Sejenak Revan menghela nafas kasar, lalu menggenggam tangan Sarah dan mengecupnya singkat. "Gak ada yang aku sembunyiin, kamu gak usah mikir yang aneh-aneh. yang terpenting sekarang, Papah udah ngijinin kamu ikut pulang sama aku."


Tetap saja ucapan Revan masih saja membuat Sarah dan perasaannya resah. memang ini yang Sarah inginkan, tapi bagaimana mungkin, seseorang yang awalnya sangat menolak keras kebersamaan antara Sarah dan Revan. pada akhirnya ia membiarkan ini semua dengan begitu mudah.

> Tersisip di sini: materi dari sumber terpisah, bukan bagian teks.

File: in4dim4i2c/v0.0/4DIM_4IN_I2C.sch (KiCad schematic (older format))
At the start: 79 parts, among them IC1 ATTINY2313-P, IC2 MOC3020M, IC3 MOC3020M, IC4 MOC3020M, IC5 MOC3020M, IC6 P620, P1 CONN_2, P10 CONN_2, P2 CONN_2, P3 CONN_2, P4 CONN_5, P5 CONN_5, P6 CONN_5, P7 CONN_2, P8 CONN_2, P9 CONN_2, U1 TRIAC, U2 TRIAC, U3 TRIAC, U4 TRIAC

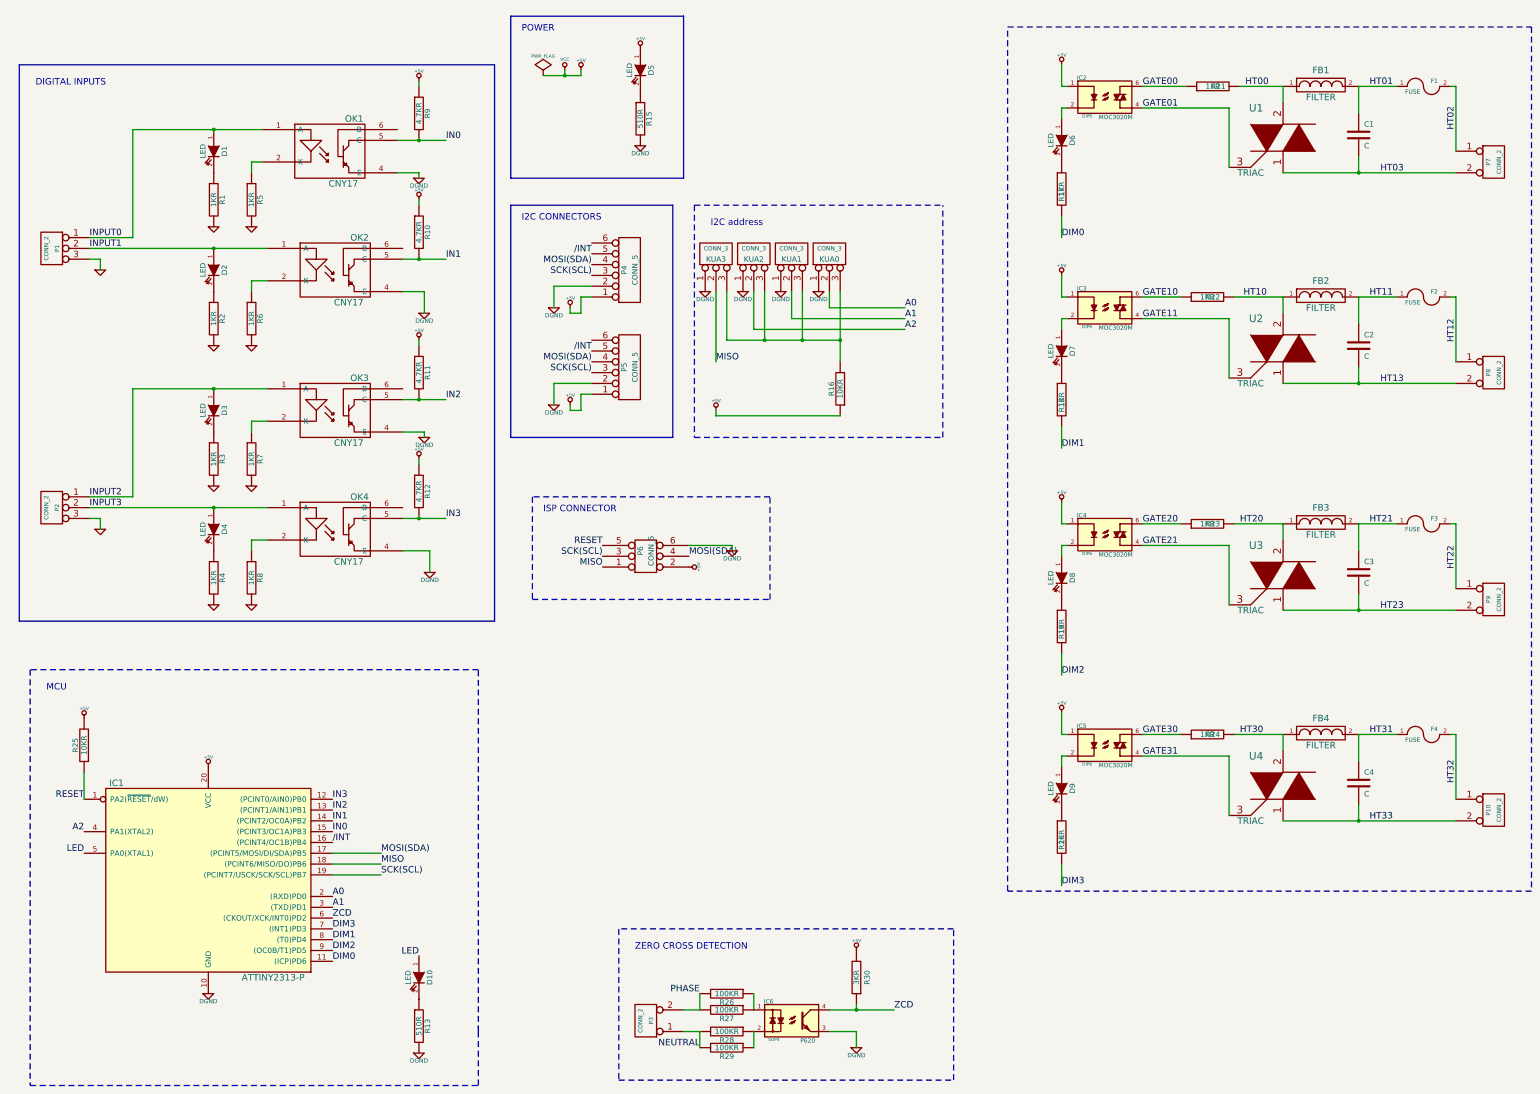
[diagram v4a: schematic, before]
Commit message: Change the footprint of Triac (inverted)
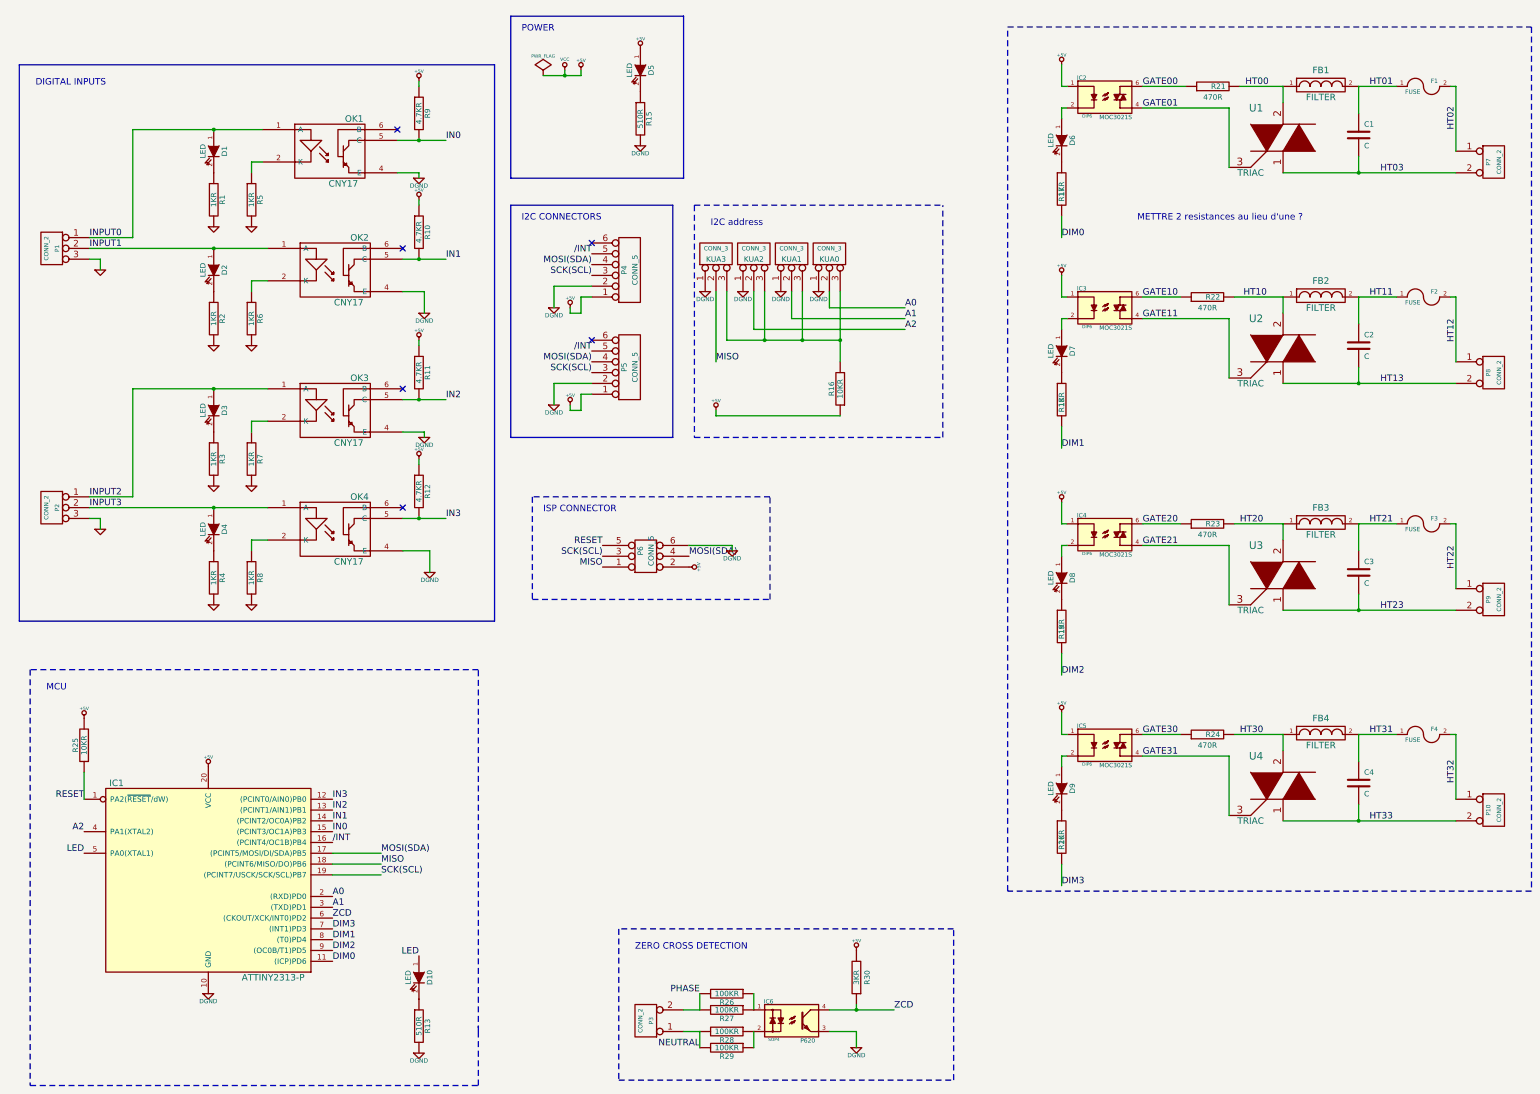
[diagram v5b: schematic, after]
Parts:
- IC2, IC3, IC4, IC5: value MOC3020M -> MOC3021S
- R21, R22, R23, R24: value 1KR -> 470R
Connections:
- no-connect marks 0 -> 6
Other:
- note added: "METTRE 2 resistances au lieu d'une ?"
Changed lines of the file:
@@
-EESchema Schematic File Version 2  date mer. 29 août 2012 22:06:22 CEST
+EESchema Schematic File Version 2  date ven. 31 août 2012 21:57:51 CEST
 LIBS:power
 LIBS:device
@@
 Sheet 1 1
 Title "16 Digital Inputs Multiplexied Board"
-Date "29 aug 2012"
+Date "31 aug 2012"
 Rev "draft"
 Comp "XPLDUINO project"
@@
 P 11000 1350
 F 0 "IC2" H 10786 1529 40  0000 C CNN
-F 1 "MOC3020M" H 11100 1165 40  0000 C CNN
+F 1 "MOC3021S" H 11100 1165 40  0000 C CNN
 F 2 "DIP6" H 10836 1175 29  0000 C CNN
 	1    11000 1350
@@
 P 12000 1250
 F 0 "R21" V 12000 1200 50  0000 C CNN
-F 1 "1KR" V 12000 1250 50  0000 C CNN
+F 1 "470R" V 11900 1250 50  0000 C CNN
 	1    12000 1250
 	0    -1   -1   0
@@
 P 11000 3300
 F 0 "IC3" H 10786 3479 40  0000 C CNN
-F 1 "MOC3020M" H 11100 3115 40  0000 C CNN
+F 1 "MOC3021S" H 11100 3115 40  0000 C CNN
 F 2 "DIP6" H 10836 3125 29  0000 C CNN
 	1    11000 3300
@@
 P 11950 3200
 F 0 "R22" V 11950 3150 50  0000 C CNN
-F 1 "1KR" V 11950 3200 50  0000 C CNN
+F 1 "470R" V 11850 3200 50  0000 C CNN
 	1    11950 3200
 	0    -1   -1   0
@@
 P 11000 5400
 F 0 "IC4" H 10786 5579 40  0000 C CNN
-F 1 "MOC3020M" H 11100 5215 40  0000 C CNN
+F 1 "MOC3021S" H 11100 5215 40  0000 C CNN
 F 2 "DIP6" H 10836 5225 29  0000 C CNN
 	1    11000 5400
@@
 P 11950 5300
 F 0 "R23" V 11950 5250 50  0000 C CNN
-F 1 "1KR" V 11950 5300 50  0000 C CNN
+F 1 "470R" V 11850 5300 50  0000 C CNN
 	1    11950 5300
 	0    -1   -1   0
@@
 P 11000 7350
 F 0 "IC5" H 10786 7529 40  0000 C CNN
-F 1 "MOC3020M" H 11100 7165 40  0000 C CNN
+F 1 "MOC3021S" H 11100 7165 40  0000 C CNN
 F 2 "DIP6" H 10836 7175 29  0000 C CNN
 	1    11000 7350
@@
 P 11950 7250
 F 0 "R24" V 11950 7200 50  0000 C CNN
-F 1 "1KR" V 11950 7250 50  0000 C CNN
+F 1 "470R" V 11850 7250 50  0000 C CNN
 	1    11950 7250
 	0    -1   -1   0
@@
 Text Label 7400 3800 0    60   ~ 0
 MISO
+NoConn ~ 4500 5150
+NoConn ~ 4500 4050
+NoConn ~ 4500 2750
+NoConn ~ 4450 1650
+NoConn ~ 6250 3600
+NoConn ~ 6250 2700
+Text Notes 11300 2500 0    60   ~ 0
+METTRE 2 resistances au lieu d'une ?
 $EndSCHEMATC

"Kamu gak perlu khawatir," Revan terus meyakinkan Sarah dengan sepenuh hatinya, sejenak pria itu terdiam lalu mengecup bibir sang istri guna melepaskan kecemasan Sarah yang berlebih.


Awalnya Sarah tak membalas ciuman yang Revan berikan, namun tak menampik jika ciuman ini sangatlah Sarah rindukan. Sarah sedikit membuka mulutnya, dengan tangan yang mengalung pada leher sang suami. kecupan dan luma*tan Revan berikan, pria itu tentu tahu, jika hal ini sangat Sarah sukai.


Perlakuan manis yang Revan berikan sukses membuat wanita itu merasa sangat-sangat dicintai. lidah keduanya saling memanggut saat cairan dari mulut mereka sudah saling menyatu.


"Ahhh..." Sarah melepaskan ciumannya perlahan sambil meringis.


"Kenapa, Sayang?" tanya Revan cemas.


"Sakit..." lirih Sarah mengeluh.


"Hati kamu?"


"Bukan..." Sarah mencengkram ujung dres yang ia kenakan. "Perut aku sakit,"


Kerinduan itu sampai melumpuhkan ingatan Revan, jika Sarah baru saja pulih setelah menjalani operasi. Revan hanya bisa tersenyum, merasa bersalah karena tak sengaja tangan nakalnya menyentuh perut Sarah secara spontan.